# best Capella acts



## jani (Jun 15, 2012)

So what is the best capella you have seen/heard?
I heard this and instantly liked it!


----------



## ComposerOfAvantGarde (Dec 2, 2011)

Is that you? It looks rather like the person in your avatar.


----------



## jani (Jun 15, 2012)

ComposerOfAvantGarde said:


> Is that you? It looks rather like the person in your avatar.


No, i took my avatar pic with my bad PC webcam. + added whack y effects

Also i am a lot younger ( 19)


----------



## Ukko (Jun 4, 2010)

My keen detective work has lead me to the conclusion that you mean a Capella.


----------



## StlukesguildOhio (Dec 25, 2006)

Astounding Holmes!!


----------



## Jeremy Marchant (Mar 11, 2010)

Hilltroll72 said:


> My keen detective work has lead me to the conclusion that you mean a Capella.


No, I think it means "best capella cats".


----------



## LordBlackudder (Nov 13, 2010)




----------



## cwarchc (Apr 28, 2012)

What no Flying Pickets?


----------



## SONNET CLV (May 31, 2014)

I have a fondness for this:









Pink Floyd's complete _Dark Side of the Moon _done a cappella.

VOCOMOTION Records (837101114745), 2005

Album Notes

_Dark Side of the Moon A Cappella_ is an all-vocal version of Pink Floyd's magnum opus "Dark Side of the Moon." No instruments were used in the recording of this unique version of the album. Eight singers and one "vocal percussionist" (similar to a beatboxer) recreate the original work in its entirety.

The album was recorded in High Definition, without breaks between the tracks (as in the original), and is as close to the original in timing as possible, thus preserving its "Wizard of Oz Compatibility." Produced and mixed by the renowned a cappella Producer, Freddie Feldman, and mastered by Grammy-winning engineer Doug Sax, this recording breaks new ground in both the worlds of a cappella and rock.

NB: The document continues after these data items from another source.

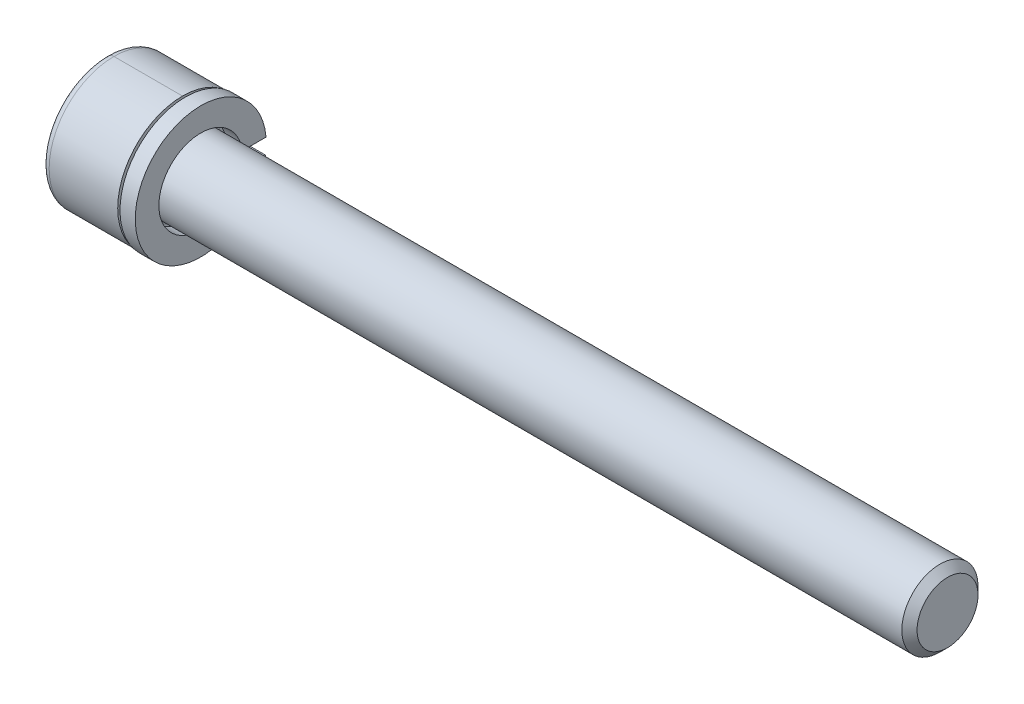
ISO-10303-21;
HEADER;
FILE_DESCRIPTION(('STEP AP214'),'2;1');
FILE_NAME('part.step','',(''),(''),'','','');
FILE_SCHEMA(('AUTOMOTIVE_DESIGN { 1 0 10303 214 1 1 1 1 }'));
ENDSEC;
DATA;
#1=APPLICATION_CONTEXT('core data for automotive mechanical design processes');
#2=APPLICATION_PROTOCOL_DEFINITION('international standard','automotive_design',2000,#1);
#3=PRODUCT_CONTEXT('',#1,'mechanical');
#4=PRODUCT('Part','Part','',(#3));
#5=PRODUCT_RELATED_PRODUCT_CATEGORY('part','',(#4));
#6=PRODUCT_DEFINITION_FORMATION('','',#4);
#7=PRODUCT_DEFINITION_CONTEXT('part definition',#1,'design');
#8=PRODUCT_DEFINITION('design','',#6,#7);
#9=PRODUCT_DEFINITION_SHAPE('','',#8);
#10=(LENGTH_UNIT() NAMED_UNIT(*) SI_UNIT(.MILLI.,.METRE.));
#11=(NAMED_UNIT(*) PLANE_ANGLE_UNIT() SI_UNIT($,.RADIAN.));
#12=(NAMED_UNIT(*) SI_UNIT($,.STERADIAN.) SOLID_ANGLE_UNIT());
#13=UNCERTAINTY_MEASURE_WITH_UNIT(LENGTH_MEASURE(1.E-05),#10,'distance_accuracy_value','');
#14=(GEOMETRIC_REPRESENTATION_CONTEXT(3) GLOBAL_UNCERTAINTY_ASSIGNED_CONTEXT((#13)) GLOBAL_UNIT_ASSIGNED_CONTEXT((#10,
#11,#12)) REPRESENTATION_CONTEXT('',''));
#15=CARTESIAN_POINT('',(0.,0.,0.));
#16=DIRECTION('',(0.,0.,1.));
#17=DIRECTION('',(1.,0.,0.));
#18=AXIS2_PLACEMENT_3D('',#15,#16,#17);
#19=CARTESIAN_POINT('',(1.2,0.,0.));
#20=DIRECTION('',(-1.,0.,0.));
#21=DIRECTION('',(0.,-1.,0.));
#22=AXIS2_PLACEMENT_3D('',#19,#20,#21);
#23=CYLINDRICAL_SURFACE('',#22,4.3);
#24=CARTESIAN_POINT('',(0.2,0.,0.));
#25=DIRECTION('',(1.,0.,0.));
#26=DIRECTION('',(0.,1.,0.));
#27=AXIS2_PLACEMENT_3D('',#24,#25,#26);
#28=CIRCLE('',#27,4.3);
#29=CARTESIAN_POINT('',(0.2,0.374431043820241,-4.28366681634131));
#30=VERTEX_POINT('',#29);
#31=CARTESIAN_POINT('',(0.2,-0.63593269228035,-4.25271555725152));
#32=VERTEX_POINT('',#31);
#33=EDGE_CURVE('P0_E79',#30,#32,#28,.T.);
#34=ORIENTED_EDGE('',*,*,#33,.T.);
#35=DIRECTION('',(-1.,0.,0.));
#36=VECTOR('',#35,1.);
#37=CARTESIAN_POINT('',(1.2,-0.63593269228035,-4.25271555725152));
#38=LINE('',#37,#36);
#39=CARTESIAN_POINT('',(1.2,-0.63593269228035,-4.25271555725152));
#40=VERTEX_POINT('',#39);
#41=EDGE_CURVE('P0_E11',#40,#32,#38,.T.);
#42=ORIENTED_EDGE('',*,*,#41,.F.);
#43=CARTESIAN_POINT('',(1.2,0.,0.));
#44=DIRECTION('',(1.,0.,0.));
#45=DIRECTION('',(0.,1.,0.));
#46=AXIS2_PLACEMENT_3D('',#43,#44,#45);
#47=CIRCLE('',#46,4.3);
#48=CARTESIAN_POINT('',(1.2,0.374431043820241,-4.28366681634131));
#49=VERTEX_POINT('',#48);
#50=EDGE_CURVE('P0_E69',#49,#40,#47,.T.);
#51=ORIENTED_EDGE('',*,*,#50,.F.);
#52=DIRECTION('',(-1.,0.,0.));
#53=VECTOR('',#52,1.);
#54=CARTESIAN_POINT('',(1.2,0.374431043820241,-4.28366681634131));
#55=LINE('',#54,#53);
#56=EDGE_CURVE('P0_E76',#49,#30,#55,.T.);
#57=ORIENTED_EDGE('',*,*,#56,.T.);
#58=EDGE_LOOP('',(#34,#42,#51,#57));
#59=FACE_BOUND('',#58,.T.);
#60=ADVANCED_FACE('P0_F17',(#59),#23,.T.);
#61=CARTESIAN_POINT('',(1.2,-0.63593269228035,-2.67546063527181));
#62=DIRECTION('',(0.,-1.,0.));
#63=DIRECTION('',(1.,0.,0.));
#64=AXIS2_PLACEMENT_3D('',#61,#62,#63);
#65=PLANE('',#64);
#66=DIRECTION('',(0.,0.,1.));
#67=VECTOR('',#66,1.);
#68=CARTESIAN_POINT('',(0.2,-0.63593269228035,-2.67546063527181));
#69=LINE('',#68,#67);
#70=CARTESIAN_POINT('',(0.2,-0.63593269228035,-2.67546063527181));
#71=VERTEX_POINT('',#70);
#72=EDGE_CURVE('P0_E71',#32,#71,#69,.T.);
#73=ORIENTED_EDGE('',*,*,#72,.T.);
#74=DIRECTION('',(-1.,0.,0.));
#75=VECTOR('',#74,1.);
#76=CARTESIAN_POINT('',(1.2,-0.63593269228035,-2.67546063527181));
#77=LINE('',#76,#75);
#78=CARTESIAN_POINT('',(1.2,-0.63593269228035,-2.67546063527181));
#79=VERTEX_POINT('',#78);
#80=EDGE_CURVE('P0_E25',#79,#71,#77,.T.);
#81=ORIENTED_EDGE('',*,*,#80,.F.);
#82=DIRECTION('',(0.,0.,1.));
#83=VECTOR('',#82,1.);
#84=CARTESIAN_POINT('',(1.2,-0.63593269228035,-2.67546063527181));
#85=LINE('',#84,#83);
#86=EDGE_CURVE('P0_E64',#40,#79,#85,.T.);
#87=ORIENTED_EDGE('',*,*,#86,.F.);
#88=ORIENTED_EDGE('',*,*,#41,.T.);
#89=EDGE_LOOP('',(#73,#81,#87,#88));
#90=FACE_BOUND('',#89,.T.);
#91=ADVANCED_FACE('P0_F75',(#90),#65,.F.);
#92=CARTESIAN_POINT('',(1.2,0.,0.));
#93=DIRECTION('',(-1.,0.,0.));
#94=DIRECTION('',(0.,-1.,0.));
#95=AXIS2_PLACEMENT_3D('',#92,#93,#94);
#96=CYLINDRICAL_SURFACE('',#95,2.75);
#97=CARTESIAN_POINT('',(0.2,0.,0.));
#98=DIRECTION('',(-1.,0.,0.));
#99=DIRECTION('',(0.,1.,0.));
#100=AXIS2_PLACEMENT_3D('',#97,#98,#99);
#101=CIRCLE('',#100,2.75);
#102=CARTESIAN_POINT('',(0.2,0.37443104382024,-2.72439009567714));
#103=VERTEX_POINT('',#102);
#104=EDGE_CURVE('P0_E49',#71,#103,#101,.T.);
#105=ORIENTED_EDGE('',*,*,#104,.T.);
#106=DIRECTION('',(-1.,0.,0.));
#107=VECTOR('',#106,1.);
#108=CARTESIAN_POINT('',(1.2,0.374431043820241,-2.72439009567714));
#109=LINE('',#108,#107);
#110=CARTESIAN_POINT('',(1.2,0.374431043820241,-2.72439009567714));
#111=VERTEX_POINT('',#110);
#112=EDGE_CURVE('P0_E73',#111,#103,#109,.T.);
#113=ORIENTED_EDGE('',*,*,#112,.F.);
#114=CARTESIAN_POINT('',(1.2,0.,0.));
#115=DIRECTION('',(-1.,0.,0.));
#116=DIRECTION('',(0.,1.,0.));
#117=AXIS2_PLACEMENT_3D('',#114,#115,#116);
#118=CIRCLE('',#117,2.75);
#119=EDGE_CURVE('P0_E67',#79,#111,#118,.T.);
#120=ORIENTED_EDGE('',*,*,#119,.F.);
#121=ORIENTED_EDGE('',*,*,#80,.T.);
#122=EDGE_LOOP('',(#105,#113,#120,#121));
#123=FACE_BOUND('',#122,.T.);
#124=ADVANCED_FACE('P0_F72',(#123),#96,.F.);
#125=CARTESIAN_POINT('',(1.2,0.374431043820241,-2.72439009567714));
#126=DIRECTION('',(0.,1.,0.));
#127=DIRECTION('',(-1.,0.,0.));
#128=AXIS2_PLACEMENT_3D('',#125,#126,#127);
#129=PLANE('',#128);
#130=DIRECTION('',(0.,0.,-1.));
#131=VECTOR('',#130,1.);
#132=CARTESIAN_POINT('',(0.2,0.374431043820241,-2.72439009567714));
#133=LINE('',#132,#131);
#134=EDGE_CURVE('P0_E57',#103,#30,#133,.T.);
#135=ORIENTED_EDGE('',*,*,#134,.T.);
#136=ORIENTED_EDGE('',*,*,#56,.F.);
#137=DIRECTION('',(0.,0.,-1.));
#138=VECTOR('',#137,1.);
#139=CARTESIAN_POINT('',(1.2,0.374431043820241,-2.72439009567714));
#140=LINE('',#139,#138);
#141=EDGE_CURVE('P0_E31',#111,#49,#140,.T.);
#142=ORIENTED_EDGE('',*,*,#141,.F.);
#143=ORIENTED_EDGE('',*,*,#112,.T.);
#144=EDGE_LOOP('',(#135,#136,#142,#143));
#145=FACE_BOUND('',#144,.T.);
#146=ADVANCED_FACE('P0_F87',(#145),#129,.F.);
#147=CARTESIAN_POINT('',(1.2,0.,0.));
#148=DIRECTION('',(1.,0.,0.));
#149=DIRECTION('',(0.,1.,0.));
#150=AXIS2_PLACEMENT_3D('',#147,#148,#149);
#151=PLANE('',#150);
#152=ORIENTED_EDGE('',*,*,#50,.T.);
#153=ORIENTED_EDGE('',*,*,#86,.T.);
#154=ORIENTED_EDGE('',*,*,#119,.T.);
#155=ORIENTED_EDGE('',*,*,#141,.T.);
#156=EDGE_LOOP('',(#152,#153,#154,#155));
#157=FACE_BOUND('',#156,.T.);
#158=ADVANCED_FACE('P0_F63',(#157),#151,.T.);
#159=CARTESIAN_POINT('',(0.2,0.,0.));
#160=DIRECTION('',(1.,0.,0.));
#161=DIRECTION('',(0.,1.,0.));
#162=AXIS2_PLACEMENT_3D('',#159,#160,#161);
#163=PLANE('',#162);
#164=ORIENTED_EDGE('',*,*,#33,.F.);
#165=ORIENTED_EDGE('',*,*,#134,.F.);
#166=ORIENTED_EDGE('',*,*,#104,.F.);
#167=ORIENTED_EDGE('',*,*,#72,.F.);
#168=EDGE_LOOP('',(#164,#165,#166,#167));
#169=FACE_BOUND('',#168,.T.);
#170=ADVANCED_FACE('P0_F89',(#169),#163,.F.);
#171=CLOSED_SHELL('',(#60,#91,#124,#146,#158,#170));
#172=MANIFOLD_SOLID_BREP('P0_B1',#171);
#173=CARTESIAN_POINT('',(-1.17700185815197,0.,0.));
#174=DIRECTION('',(-1.,0.,0.));
#175=DIRECTION('',(0.,1.,0.));
#176=AXIS2_PLACEMENT_3D('',#173,#174,#175);
#177=CYLINDRICAL_SURFACE('',#176,2.5);
#178=CARTESIAN_POINT('',(49.7,0.,0.));
#179=DIRECTION('',(-1.,0.,0.));
#180=DIRECTION('',(0.,-1.,0.));
#181=AXIS2_PLACEMENT_3D('',#178,#179,#180);
#182=CIRCLE('',#181,2.5);
#183=CARTESIAN_POINT('',(49.7,-2.5,0.));
#184=VERTEX_POINT('',#183);
#185=EDGE_CURVE('P1_E21',#184,#184,#182,.T.);
#186=ORIENTED_EDGE('',*,*,#185,.T.);
#187=EDGE_LOOP('',(#186));
#188=FACE_BOUND('',#187,.T.);
#189=CARTESIAN_POINT('',(0.200000000000003,0.,0.));
#190=DIRECTION('',(-1.,0.,0.));
#191=DIRECTION('',(0.,-1.,0.));
#192=AXIS2_PLACEMENT_3D('',#189,#190,#191);
#193=CIRCLE('',#192,2.5);
#194=CARTESIAN_POINT('',(0.200000000000003,2.5,0.));
#195=VERTEX_POINT('',#194);
#196=CARTESIAN_POINT('',(0.200000000000003,-2.5,0.));
#197=VERTEX_POINT('',#196);
#198=EDGE_CURVE('P1_E31',#195,#197,#193,.T.);
#199=ORIENTED_EDGE('',*,*,#198,.F.);
#200=CARTESIAN_POINT('',(0.200000000000003,0.,0.));
#201=DIRECTION('',(-1.,0.,0.));
#202=DIRECTION('',(0.,-1.,0.));
#203=AXIS2_PLACEMENT_3D('',#200,#201,#202);
#204=CIRCLE('',#203,2.5);
#205=EDGE_CURVE('P1_E252',#197,#195,#204,.T.);
#206=ORIENTED_EDGE('',*,*,#205,.F.);
#207=EDGE_LOOP('',(#199,#206));
#208=FACE_BOUND('',#207,.T.);
#209=ADVANCED_FACE('P1_F17',(#188,#208),#177,.T.);
#210=CARTESIAN_POINT('',(0.200000000000003,0.,0.));
#211=DIRECTION('',(-1.,0.,0.));
#212=DIRECTION('',(0.,1.,0.));
#213=AXIS2_PLACEMENT_3D('',#210,#211,#212);
#214=TOROIDAL_SURFACE('',#213,2.7,0.2);
#215=CARTESIAN_POINT('',(0.2,2.7,0.));
#216=DIRECTION('',(0.,0.,1.));
#217=DIRECTION('',(0.,-1.,0.));
#218=AXIS2_PLACEMENT_3D('',#215,#216,#217);
#219=CIRCLE('',#218,0.2);
#220=CARTESIAN_POINT('',(0.,2.7,0.));
#221=VERTEX_POINT('',#220);
#222=EDGE_CURVE('P1_E254',#221,#195,#219,.T.);
#223=ORIENTED_EDGE('',*,*,#222,.F.);
#224=CARTESIAN_POINT('',(0.,0.,0.));
#225=DIRECTION('',(-1.,0.,0.));
#226=DIRECTION('',(0.,-1.,0.));
#227=AXIS2_PLACEMENT_3D('',#224,#225,#226);
#228=CIRCLE('',#227,2.7);
#229=CARTESIAN_POINT('',(0.,-2.7,0.));
#230=VERTEX_POINT('',#229);
#231=EDGE_CURVE('P1_E250',#230,#221,#228,.T.);
#232=ORIENTED_EDGE('',*,*,#231,.F.);
#233=CARTESIAN_POINT('',(0.200000000000003,-2.7,0.));
#234=DIRECTION('',(0.,0.,-1.));
#235=DIRECTION('',(-1.,0.,0.));
#236=AXIS2_PLACEMENT_3D('',#233,#234,#235);
#237=CIRCLE('',#236,0.2);
#238=EDGE_CURVE('P1_E249',#230,#197,#237,.T.);
#239=ORIENTED_EDGE('',*,*,#238,.T.);
#240=ORIENTED_EDGE('',*,*,#205,.T.);
#241=EDGE_LOOP('',(#223,#232,#239,#240));
#242=FACE_BOUND('',#241,.T.);
#243=ADVANCED_FACE('P1_F264',(#242),#214,.F.);
#244=CARTESIAN_POINT('',(0.200000000000003,0.,0.));
#245=DIRECTION('',(-1.,0.,0.));
#246=DIRECTION('',(0.,1.,0.));
#247=AXIS2_PLACEMENT_3D('',#244,#245,#246);
#248=TOROIDAL_SURFACE('',#247,2.7,0.2);
#249=CARTESIAN_POINT('',(0.,0.,0.));
#250=DIRECTION('',(-1.,0.,0.));
#251=DIRECTION('',(0.,-1.,0.));
#252=AXIS2_PLACEMENT_3D('',#249,#250,#251);
#253=CIRCLE('',#252,2.7);
#254=EDGE_CURVE('P1_E242',#221,#230,#253,.T.);
#255=ORIENTED_EDGE('',*,*,#254,.F.);
#256=ORIENTED_EDGE('',*,*,#222,.T.);
#257=ORIENTED_EDGE('',*,*,#198,.T.);
#258=ORIENTED_EDGE('',*,*,#238,.F.);
#259=EDGE_LOOP('',(#255,#256,#257,#258));
#260=FACE_BOUND('',#259,.T.);
#261=ADVANCED_FACE('P1_F267',(#260),#248,.F.);
#262=CARTESIAN_POINT('',(0.,4.25,0.));
#263=DIRECTION('',(-1.,0.,0.));
#264=DIRECTION('',(0.,1.,0.));
#265=AXIS2_PLACEMENT_3D('',#262,#263,#264);
#266=PLANE('',#265);
#267=CARTESIAN_POINT('',(0.,0.,0.));
#268=DIRECTION('',(-1.,0.,0.));
#269=DIRECTION('',(0.,-1.,0.));
#270=AXIS2_PLACEMENT_3D('',#267,#268,#269);
#271=CIRCLE('',#270,4.25);
#272=CARTESIAN_POINT('',(0.,-4.25,0.));
#273=VERTEX_POINT('',#272);
#274=CARTESIAN_POINT('',(0.,4.25,0.));
#275=VERTEX_POINT('',#274);
#276=EDGE_CURVE('P1_E236',#273,#275,#271,.T.);
#277=ORIENTED_EDGE('',*,*,#276,.F.);
#278=CARTESIAN_POINT('',(0.,0.,0.));
#279=DIRECTION('',(-1.,0.,0.));
#280=DIRECTION('',(0.,-1.,0.));
#281=AXIS2_PLACEMENT_3D('',#278,#279,#280);
#282=CIRCLE('',#281,4.25);
#283=EDGE_CURVE('P1_E228',#275,#273,#282,.T.);
#284=ORIENTED_EDGE('',*,*,#283,.F.);
#285=EDGE_LOOP('',(#277,#284));
#286=FACE_BOUND('',#285,.T.);
#287=ORIENTED_EDGE('',*,*,#231,.T.);
#288=ORIENTED_EDGE('',*,*,#254,.T.);
#289=EDGE_LOOP('',(#287,#288));
#290=FACE_BOUND('',#289,.T.);
#291=ADVANCED_FACE('P1_F271',(#286,#290),#266,.F.);
#292=CARTESIAN_POINT('',(-1.17700185815197,0.,0.));
#293=DIRECTION('',(-1.,0.,0.));
#294=DIRECTION('',(0.,1.,0.));
#295=AXIS2_PLACEMENT_3D('',#292,#293,#294);
#296=CYLINDRICAL_SURFACE('',#295,4.25);
#297=ORIENTED_EDGE('',*,*,#276,.T.);
#298=DIRECTION('',(-1.,0.,0.));
#299=VECTOR('',#298,1.);
#300=CARTESIAN_POINT('',(-1.17700185815198,4.25,0.));
#301=LINE('',#300,#299);
#302=CARTESIAN_POINT('',(-4.5,4.25,0.));
#303=VERTEX_POINT('',#302);
#304=EDGE_CURVE('P1_E233',#303,#275,#301,.F.);
#305=ORIENTED_EDGE('',*,*,#304,.F.);
#306=CARTESIAN_POINT('',(-4.5,0.,0.));
#307=DIRECTION('',(-1.,0.,0.));
#308=DIRECTION('',(0.,-1.,0.));
#309=AXIS2_PLACEMENT_3D('',#306,#307,#308);
#310=CIRCLE('',#309,4.25);
#311=CARTESIAN_POINT('',(-4.5,-4.25,0.));
#312=VERTEX_POINT('',#311);
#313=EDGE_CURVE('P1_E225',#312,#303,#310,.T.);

Singers: Stephanie Lewin, Jennifer Feucht, Melissa Smithson, Jon Krivitzky, Michael Mahler, Chris Feucht, Alan Schmuckler, Dan Riley, and Freddie Feldman. Music arranged by: Jon Krivitzky.

Nominated for Best Album, Contemporary A Cappella Recording Award (CARA) 2006.

By the way ... the term "a cappella" is from the Italian for "as in the church" or "in the manner of the chapel", referring to the old Italian Catholic Church tradition of using only voices (and no instruments) for singing hymns during services.


----------